Work to complete:
Across the data below, how many lines hold "included"? Answer with that number and nothing else.

------------

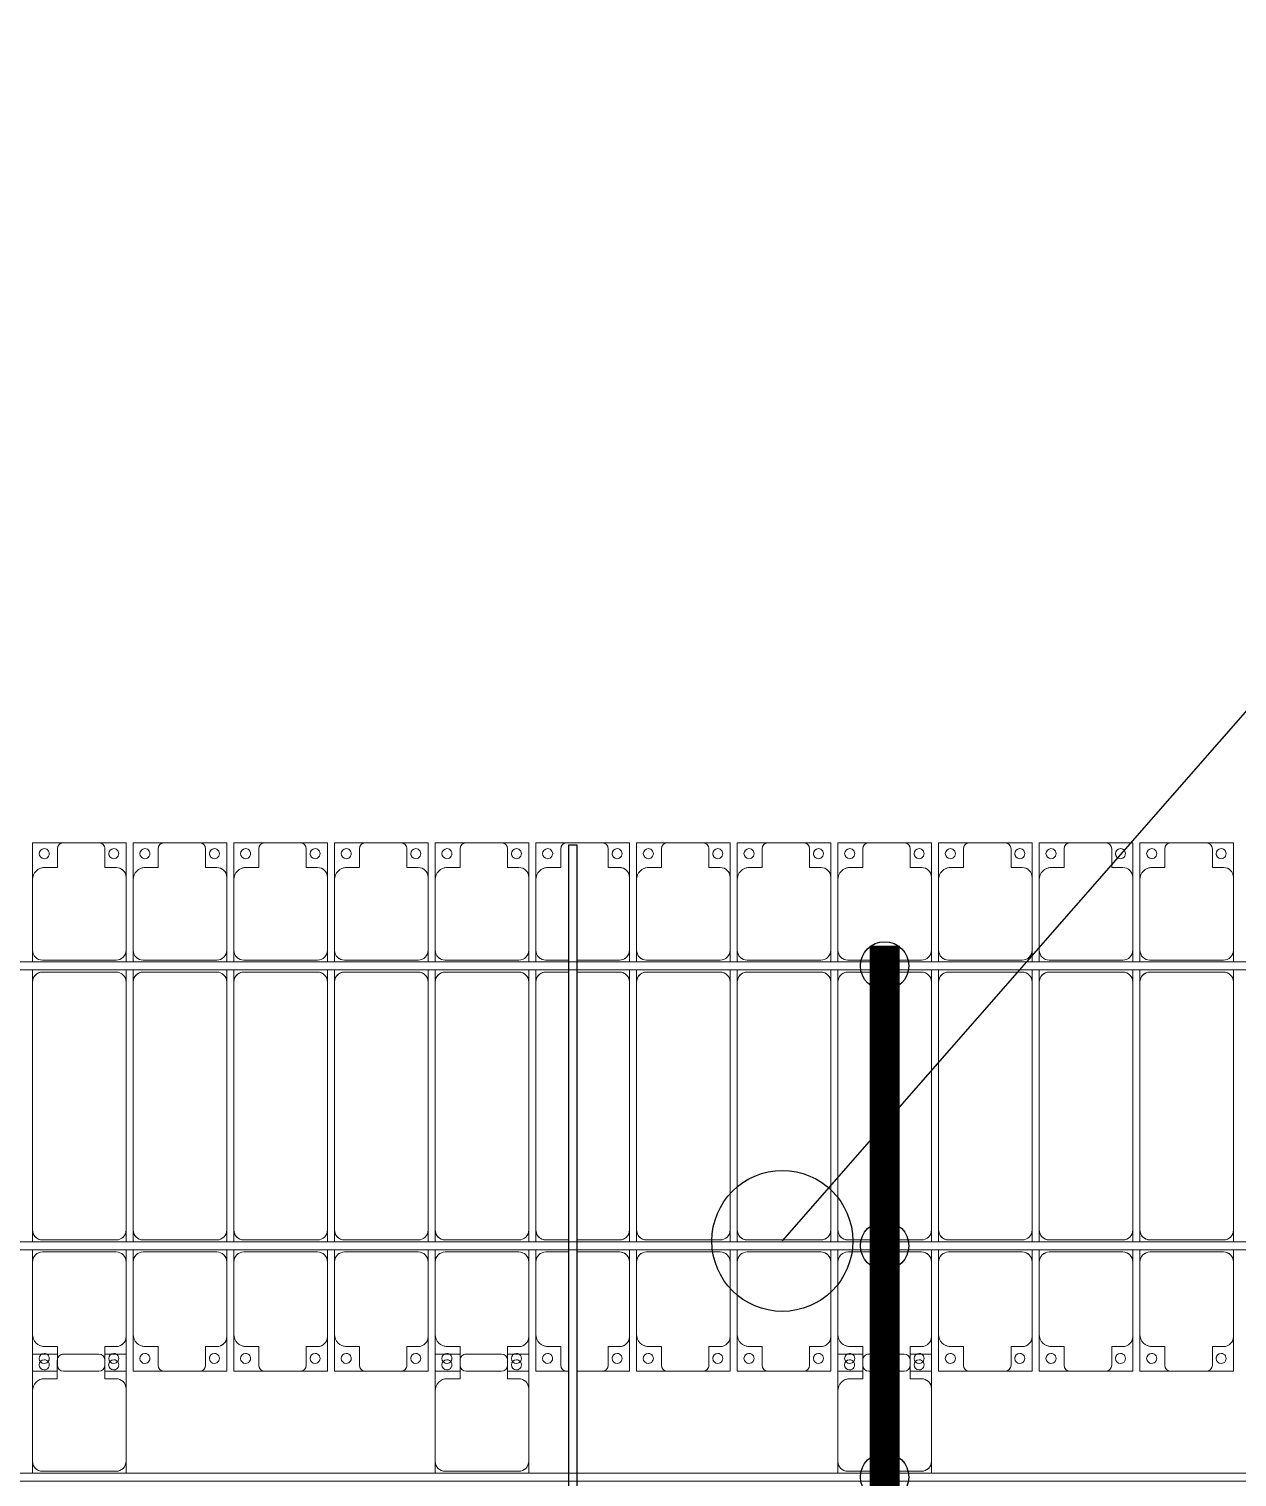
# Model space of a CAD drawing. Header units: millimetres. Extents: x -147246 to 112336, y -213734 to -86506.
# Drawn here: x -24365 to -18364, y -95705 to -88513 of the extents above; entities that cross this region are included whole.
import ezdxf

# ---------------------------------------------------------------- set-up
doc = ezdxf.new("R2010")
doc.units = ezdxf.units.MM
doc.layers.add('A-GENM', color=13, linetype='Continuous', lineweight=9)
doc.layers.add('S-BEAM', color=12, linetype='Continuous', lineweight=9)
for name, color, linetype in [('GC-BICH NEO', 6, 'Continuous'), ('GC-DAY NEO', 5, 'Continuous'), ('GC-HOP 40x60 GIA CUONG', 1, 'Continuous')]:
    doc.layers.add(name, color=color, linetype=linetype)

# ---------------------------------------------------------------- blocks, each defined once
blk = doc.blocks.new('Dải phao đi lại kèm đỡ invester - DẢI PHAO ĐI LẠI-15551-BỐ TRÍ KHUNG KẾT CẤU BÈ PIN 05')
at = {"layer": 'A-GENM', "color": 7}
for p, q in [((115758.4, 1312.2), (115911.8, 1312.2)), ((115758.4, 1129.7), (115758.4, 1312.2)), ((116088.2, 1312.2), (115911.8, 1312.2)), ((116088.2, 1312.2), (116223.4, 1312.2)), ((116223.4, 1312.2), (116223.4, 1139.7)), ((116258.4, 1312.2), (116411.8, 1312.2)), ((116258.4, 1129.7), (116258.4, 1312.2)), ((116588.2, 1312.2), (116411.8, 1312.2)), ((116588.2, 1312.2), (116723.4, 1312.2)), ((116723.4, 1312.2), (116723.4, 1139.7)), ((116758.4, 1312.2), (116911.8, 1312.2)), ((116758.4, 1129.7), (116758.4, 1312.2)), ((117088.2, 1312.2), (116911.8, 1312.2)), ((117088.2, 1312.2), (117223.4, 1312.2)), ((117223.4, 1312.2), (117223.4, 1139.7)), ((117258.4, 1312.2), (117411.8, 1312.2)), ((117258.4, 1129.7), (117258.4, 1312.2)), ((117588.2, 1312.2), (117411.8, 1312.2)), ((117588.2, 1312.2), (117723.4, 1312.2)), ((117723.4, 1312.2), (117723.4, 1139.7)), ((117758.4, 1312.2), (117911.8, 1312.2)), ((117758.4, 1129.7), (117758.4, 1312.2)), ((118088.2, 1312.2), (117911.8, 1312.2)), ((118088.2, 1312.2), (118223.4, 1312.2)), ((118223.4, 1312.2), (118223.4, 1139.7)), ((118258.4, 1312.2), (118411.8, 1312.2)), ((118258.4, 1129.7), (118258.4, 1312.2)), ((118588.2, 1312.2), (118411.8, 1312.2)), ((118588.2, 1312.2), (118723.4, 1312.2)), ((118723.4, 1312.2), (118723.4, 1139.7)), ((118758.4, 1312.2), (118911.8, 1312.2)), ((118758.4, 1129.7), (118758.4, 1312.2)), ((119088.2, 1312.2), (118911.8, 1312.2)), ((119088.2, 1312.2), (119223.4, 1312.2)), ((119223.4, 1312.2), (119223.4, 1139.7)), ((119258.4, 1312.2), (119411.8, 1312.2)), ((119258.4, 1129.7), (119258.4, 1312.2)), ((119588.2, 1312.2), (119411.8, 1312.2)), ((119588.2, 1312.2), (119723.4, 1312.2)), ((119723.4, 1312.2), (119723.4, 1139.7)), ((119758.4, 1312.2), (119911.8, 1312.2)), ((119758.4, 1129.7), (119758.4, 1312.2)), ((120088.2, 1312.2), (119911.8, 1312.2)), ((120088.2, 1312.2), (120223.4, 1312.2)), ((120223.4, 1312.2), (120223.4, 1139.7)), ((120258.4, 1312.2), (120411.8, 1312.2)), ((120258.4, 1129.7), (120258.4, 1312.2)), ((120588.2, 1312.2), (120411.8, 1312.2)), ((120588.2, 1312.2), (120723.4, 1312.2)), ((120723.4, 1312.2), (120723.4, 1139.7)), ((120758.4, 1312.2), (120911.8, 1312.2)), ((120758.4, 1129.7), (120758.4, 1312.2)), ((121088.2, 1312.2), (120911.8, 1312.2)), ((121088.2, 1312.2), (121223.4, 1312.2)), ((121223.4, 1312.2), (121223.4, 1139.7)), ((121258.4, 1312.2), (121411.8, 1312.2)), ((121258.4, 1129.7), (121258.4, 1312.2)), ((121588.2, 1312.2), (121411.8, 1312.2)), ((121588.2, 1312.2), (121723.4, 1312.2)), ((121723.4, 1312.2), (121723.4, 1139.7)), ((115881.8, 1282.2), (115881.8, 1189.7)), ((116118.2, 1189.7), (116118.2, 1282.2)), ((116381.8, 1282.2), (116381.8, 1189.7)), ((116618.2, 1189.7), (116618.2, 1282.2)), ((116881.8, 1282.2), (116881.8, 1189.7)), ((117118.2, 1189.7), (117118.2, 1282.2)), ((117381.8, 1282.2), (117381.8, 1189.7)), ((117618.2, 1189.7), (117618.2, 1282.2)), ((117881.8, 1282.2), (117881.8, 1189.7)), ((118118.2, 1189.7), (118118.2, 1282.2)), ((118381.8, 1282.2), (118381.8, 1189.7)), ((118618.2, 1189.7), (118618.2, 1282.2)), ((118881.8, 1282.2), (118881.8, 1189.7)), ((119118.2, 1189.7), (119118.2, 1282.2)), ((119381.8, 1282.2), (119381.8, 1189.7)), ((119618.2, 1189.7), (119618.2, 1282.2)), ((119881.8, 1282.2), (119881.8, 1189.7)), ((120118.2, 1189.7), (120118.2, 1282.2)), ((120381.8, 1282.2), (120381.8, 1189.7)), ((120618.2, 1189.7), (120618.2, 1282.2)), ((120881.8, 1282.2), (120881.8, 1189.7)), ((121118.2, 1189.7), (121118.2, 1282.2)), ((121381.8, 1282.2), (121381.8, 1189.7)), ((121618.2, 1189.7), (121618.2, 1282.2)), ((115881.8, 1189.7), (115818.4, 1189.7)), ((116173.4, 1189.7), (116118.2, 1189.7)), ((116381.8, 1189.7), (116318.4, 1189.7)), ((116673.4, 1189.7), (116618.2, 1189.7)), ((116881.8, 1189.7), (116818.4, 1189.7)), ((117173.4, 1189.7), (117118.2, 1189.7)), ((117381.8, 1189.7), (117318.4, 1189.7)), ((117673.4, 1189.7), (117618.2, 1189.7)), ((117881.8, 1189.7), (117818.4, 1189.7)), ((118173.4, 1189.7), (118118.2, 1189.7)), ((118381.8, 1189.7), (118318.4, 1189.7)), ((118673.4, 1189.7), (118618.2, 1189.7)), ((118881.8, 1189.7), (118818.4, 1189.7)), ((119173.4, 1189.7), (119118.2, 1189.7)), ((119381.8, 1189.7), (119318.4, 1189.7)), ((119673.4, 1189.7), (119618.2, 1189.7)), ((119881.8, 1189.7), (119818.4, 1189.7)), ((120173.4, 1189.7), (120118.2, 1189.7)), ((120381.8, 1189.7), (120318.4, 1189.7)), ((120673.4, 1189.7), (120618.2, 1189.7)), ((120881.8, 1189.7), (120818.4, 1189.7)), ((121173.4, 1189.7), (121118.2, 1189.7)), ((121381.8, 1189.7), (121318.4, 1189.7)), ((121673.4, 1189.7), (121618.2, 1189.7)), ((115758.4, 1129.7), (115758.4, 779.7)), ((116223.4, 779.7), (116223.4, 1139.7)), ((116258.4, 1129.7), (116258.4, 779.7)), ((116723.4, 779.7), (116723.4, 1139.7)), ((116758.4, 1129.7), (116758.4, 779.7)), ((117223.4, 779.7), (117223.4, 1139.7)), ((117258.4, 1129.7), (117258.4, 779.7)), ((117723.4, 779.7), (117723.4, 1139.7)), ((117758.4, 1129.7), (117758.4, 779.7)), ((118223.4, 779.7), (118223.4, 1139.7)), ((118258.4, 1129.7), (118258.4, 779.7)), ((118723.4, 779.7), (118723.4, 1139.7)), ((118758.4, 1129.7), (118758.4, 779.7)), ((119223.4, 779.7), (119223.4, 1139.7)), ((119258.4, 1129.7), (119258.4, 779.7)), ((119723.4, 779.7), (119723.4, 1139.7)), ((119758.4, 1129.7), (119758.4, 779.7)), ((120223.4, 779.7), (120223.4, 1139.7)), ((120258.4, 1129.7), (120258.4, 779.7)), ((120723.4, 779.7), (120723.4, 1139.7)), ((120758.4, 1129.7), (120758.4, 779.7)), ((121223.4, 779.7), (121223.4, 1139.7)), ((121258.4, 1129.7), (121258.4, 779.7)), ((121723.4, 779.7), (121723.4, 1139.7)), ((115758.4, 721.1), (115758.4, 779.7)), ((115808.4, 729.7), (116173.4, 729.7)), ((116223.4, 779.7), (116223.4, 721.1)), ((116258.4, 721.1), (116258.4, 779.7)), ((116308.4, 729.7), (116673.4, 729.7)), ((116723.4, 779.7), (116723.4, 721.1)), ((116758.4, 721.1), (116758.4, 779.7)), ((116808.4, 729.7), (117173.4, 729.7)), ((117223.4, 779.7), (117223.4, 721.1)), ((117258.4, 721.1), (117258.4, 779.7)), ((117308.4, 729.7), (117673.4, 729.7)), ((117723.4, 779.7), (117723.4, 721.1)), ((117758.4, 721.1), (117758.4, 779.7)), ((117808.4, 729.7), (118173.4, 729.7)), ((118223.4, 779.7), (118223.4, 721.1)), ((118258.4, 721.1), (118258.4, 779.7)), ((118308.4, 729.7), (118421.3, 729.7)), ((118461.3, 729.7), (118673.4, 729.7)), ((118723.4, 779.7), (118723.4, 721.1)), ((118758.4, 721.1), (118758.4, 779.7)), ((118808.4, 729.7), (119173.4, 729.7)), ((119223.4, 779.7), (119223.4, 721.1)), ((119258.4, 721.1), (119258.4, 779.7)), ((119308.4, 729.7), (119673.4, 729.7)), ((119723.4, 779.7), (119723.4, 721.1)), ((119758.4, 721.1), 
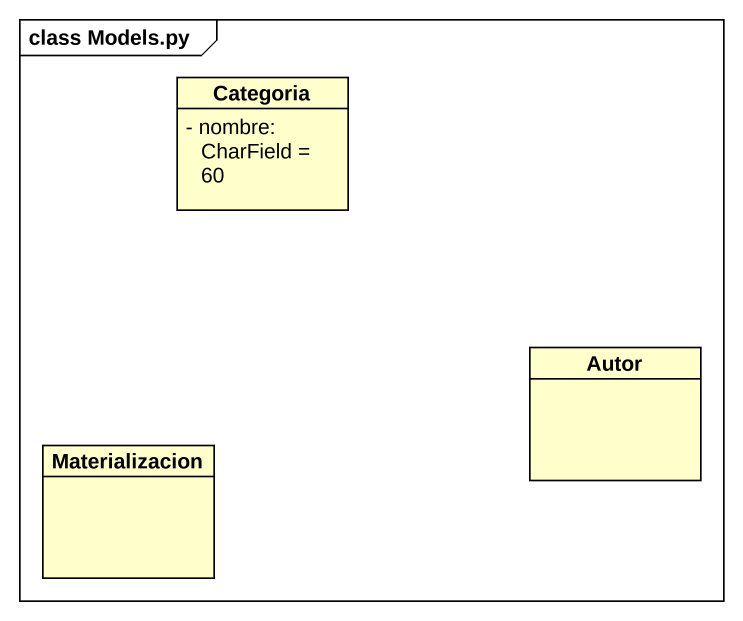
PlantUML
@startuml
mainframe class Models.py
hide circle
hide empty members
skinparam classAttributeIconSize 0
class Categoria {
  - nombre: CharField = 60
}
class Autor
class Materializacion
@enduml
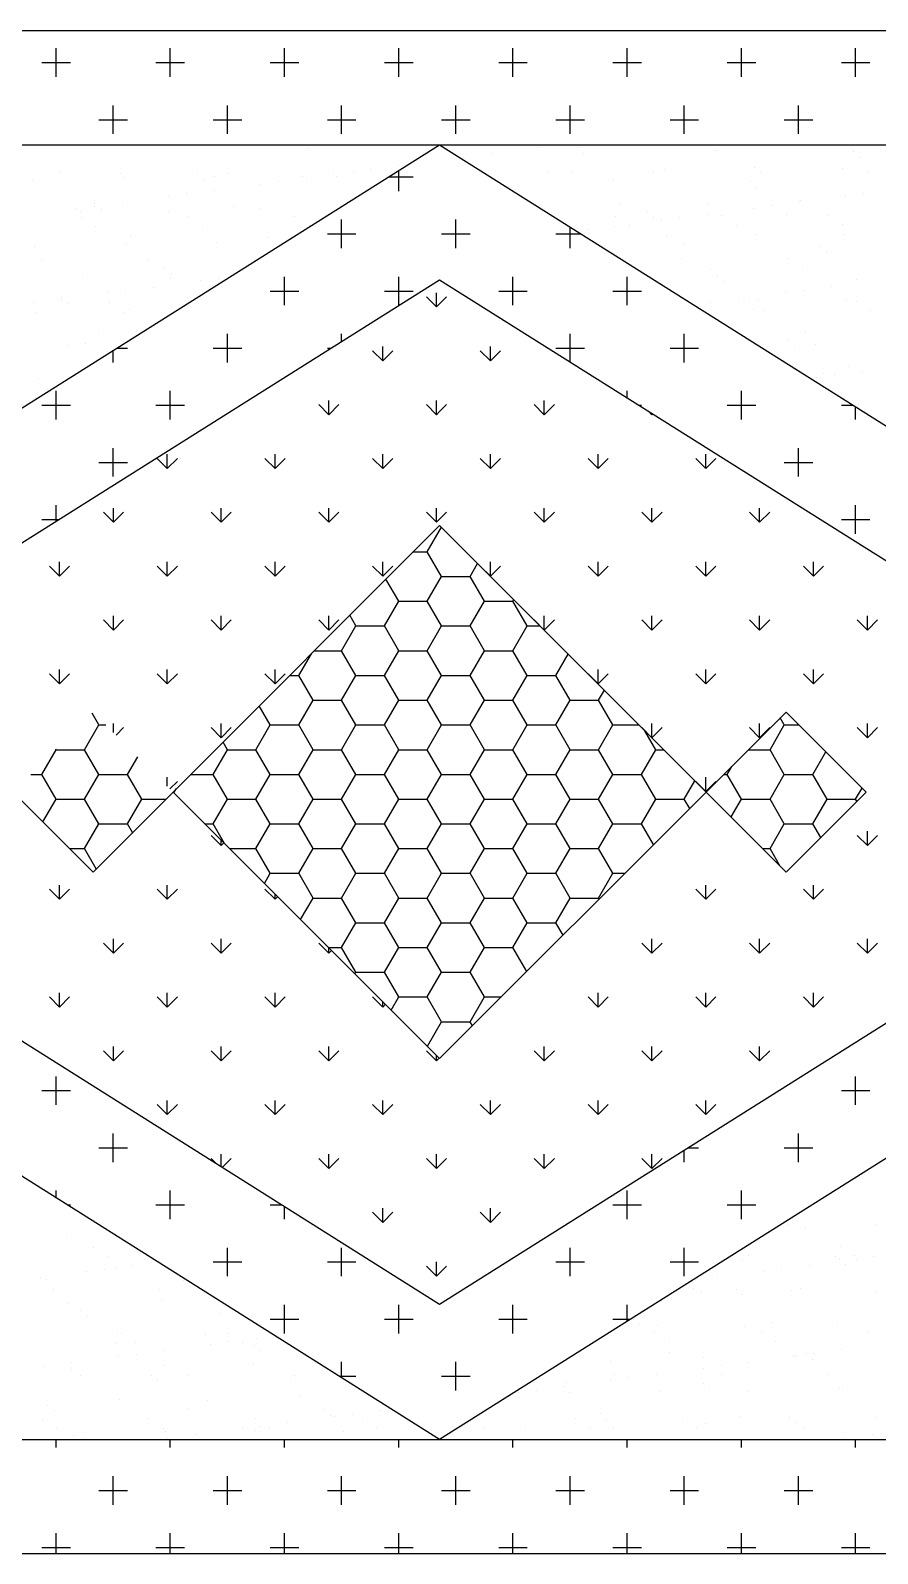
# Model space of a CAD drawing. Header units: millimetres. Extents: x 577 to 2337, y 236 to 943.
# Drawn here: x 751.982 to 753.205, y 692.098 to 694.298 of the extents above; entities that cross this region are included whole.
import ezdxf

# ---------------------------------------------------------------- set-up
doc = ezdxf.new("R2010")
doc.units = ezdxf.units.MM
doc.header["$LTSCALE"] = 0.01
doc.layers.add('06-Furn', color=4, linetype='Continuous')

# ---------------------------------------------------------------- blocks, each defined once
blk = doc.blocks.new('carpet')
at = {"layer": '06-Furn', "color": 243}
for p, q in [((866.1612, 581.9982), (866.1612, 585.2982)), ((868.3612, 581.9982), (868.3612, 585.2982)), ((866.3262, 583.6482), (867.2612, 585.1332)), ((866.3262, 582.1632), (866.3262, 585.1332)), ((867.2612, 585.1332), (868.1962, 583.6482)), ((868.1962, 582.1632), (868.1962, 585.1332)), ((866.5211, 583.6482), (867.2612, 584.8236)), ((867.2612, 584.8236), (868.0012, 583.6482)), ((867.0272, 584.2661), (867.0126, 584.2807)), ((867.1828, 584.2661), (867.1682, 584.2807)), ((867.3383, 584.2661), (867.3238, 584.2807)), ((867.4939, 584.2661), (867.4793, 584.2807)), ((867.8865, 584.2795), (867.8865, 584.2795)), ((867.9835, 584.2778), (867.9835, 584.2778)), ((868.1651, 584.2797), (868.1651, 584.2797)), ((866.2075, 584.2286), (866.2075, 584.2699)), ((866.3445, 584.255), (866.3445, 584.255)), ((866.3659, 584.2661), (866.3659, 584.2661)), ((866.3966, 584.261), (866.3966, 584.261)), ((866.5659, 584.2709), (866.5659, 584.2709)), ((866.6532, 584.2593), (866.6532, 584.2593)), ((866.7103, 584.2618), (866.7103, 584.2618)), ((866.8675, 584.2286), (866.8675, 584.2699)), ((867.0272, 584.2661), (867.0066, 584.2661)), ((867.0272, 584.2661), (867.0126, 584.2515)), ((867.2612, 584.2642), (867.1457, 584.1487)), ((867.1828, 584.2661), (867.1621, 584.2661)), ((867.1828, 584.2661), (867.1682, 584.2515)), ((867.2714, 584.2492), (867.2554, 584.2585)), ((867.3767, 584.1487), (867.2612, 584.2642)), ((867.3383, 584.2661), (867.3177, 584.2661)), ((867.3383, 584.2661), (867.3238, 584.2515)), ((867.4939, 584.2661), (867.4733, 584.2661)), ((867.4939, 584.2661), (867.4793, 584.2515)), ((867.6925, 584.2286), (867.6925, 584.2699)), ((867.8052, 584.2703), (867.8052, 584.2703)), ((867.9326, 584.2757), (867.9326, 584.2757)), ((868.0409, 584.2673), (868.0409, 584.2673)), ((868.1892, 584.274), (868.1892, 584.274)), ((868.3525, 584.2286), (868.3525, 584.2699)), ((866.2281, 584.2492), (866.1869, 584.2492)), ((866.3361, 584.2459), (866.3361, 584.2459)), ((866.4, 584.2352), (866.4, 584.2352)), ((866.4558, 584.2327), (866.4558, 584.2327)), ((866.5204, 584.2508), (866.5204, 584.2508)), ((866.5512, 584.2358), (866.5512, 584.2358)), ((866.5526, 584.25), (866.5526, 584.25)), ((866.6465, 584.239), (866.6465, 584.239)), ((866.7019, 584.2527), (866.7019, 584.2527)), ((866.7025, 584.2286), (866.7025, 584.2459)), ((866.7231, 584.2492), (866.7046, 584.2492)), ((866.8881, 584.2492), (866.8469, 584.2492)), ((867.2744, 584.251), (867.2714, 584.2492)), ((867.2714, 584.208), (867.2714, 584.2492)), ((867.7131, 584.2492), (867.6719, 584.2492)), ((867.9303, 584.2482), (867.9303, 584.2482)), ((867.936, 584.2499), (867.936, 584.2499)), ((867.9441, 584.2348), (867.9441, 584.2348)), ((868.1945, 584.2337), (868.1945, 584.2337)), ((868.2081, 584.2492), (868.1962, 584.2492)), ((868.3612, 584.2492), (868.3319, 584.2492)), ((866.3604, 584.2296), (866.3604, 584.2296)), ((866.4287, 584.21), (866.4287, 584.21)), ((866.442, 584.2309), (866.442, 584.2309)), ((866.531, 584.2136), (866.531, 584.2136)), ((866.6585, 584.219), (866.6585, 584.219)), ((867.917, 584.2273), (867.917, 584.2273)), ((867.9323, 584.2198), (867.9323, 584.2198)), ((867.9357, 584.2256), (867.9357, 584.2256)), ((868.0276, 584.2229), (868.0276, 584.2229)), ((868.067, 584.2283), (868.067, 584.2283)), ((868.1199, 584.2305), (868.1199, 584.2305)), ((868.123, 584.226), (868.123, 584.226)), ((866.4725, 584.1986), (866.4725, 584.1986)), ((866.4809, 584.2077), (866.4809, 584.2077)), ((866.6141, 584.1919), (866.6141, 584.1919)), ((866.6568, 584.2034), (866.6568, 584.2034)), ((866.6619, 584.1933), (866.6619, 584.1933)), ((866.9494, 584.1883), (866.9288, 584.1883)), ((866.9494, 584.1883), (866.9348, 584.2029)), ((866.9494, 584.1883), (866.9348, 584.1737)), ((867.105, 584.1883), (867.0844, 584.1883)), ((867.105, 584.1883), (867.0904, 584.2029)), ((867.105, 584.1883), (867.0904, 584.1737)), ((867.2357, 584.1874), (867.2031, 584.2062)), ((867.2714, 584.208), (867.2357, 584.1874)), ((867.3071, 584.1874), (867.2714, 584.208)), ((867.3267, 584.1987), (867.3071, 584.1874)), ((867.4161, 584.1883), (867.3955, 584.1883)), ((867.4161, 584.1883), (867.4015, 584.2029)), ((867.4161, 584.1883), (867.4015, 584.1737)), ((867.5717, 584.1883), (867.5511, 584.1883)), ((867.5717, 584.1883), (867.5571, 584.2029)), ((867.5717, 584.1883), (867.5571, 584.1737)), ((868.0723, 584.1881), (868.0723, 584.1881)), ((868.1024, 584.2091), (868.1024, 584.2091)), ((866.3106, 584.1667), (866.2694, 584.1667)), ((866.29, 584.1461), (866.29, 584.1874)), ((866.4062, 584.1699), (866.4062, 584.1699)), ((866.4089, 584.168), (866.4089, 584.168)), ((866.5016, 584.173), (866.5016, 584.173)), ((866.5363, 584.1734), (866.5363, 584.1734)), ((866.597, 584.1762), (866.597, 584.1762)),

------------

Answer to this task:
2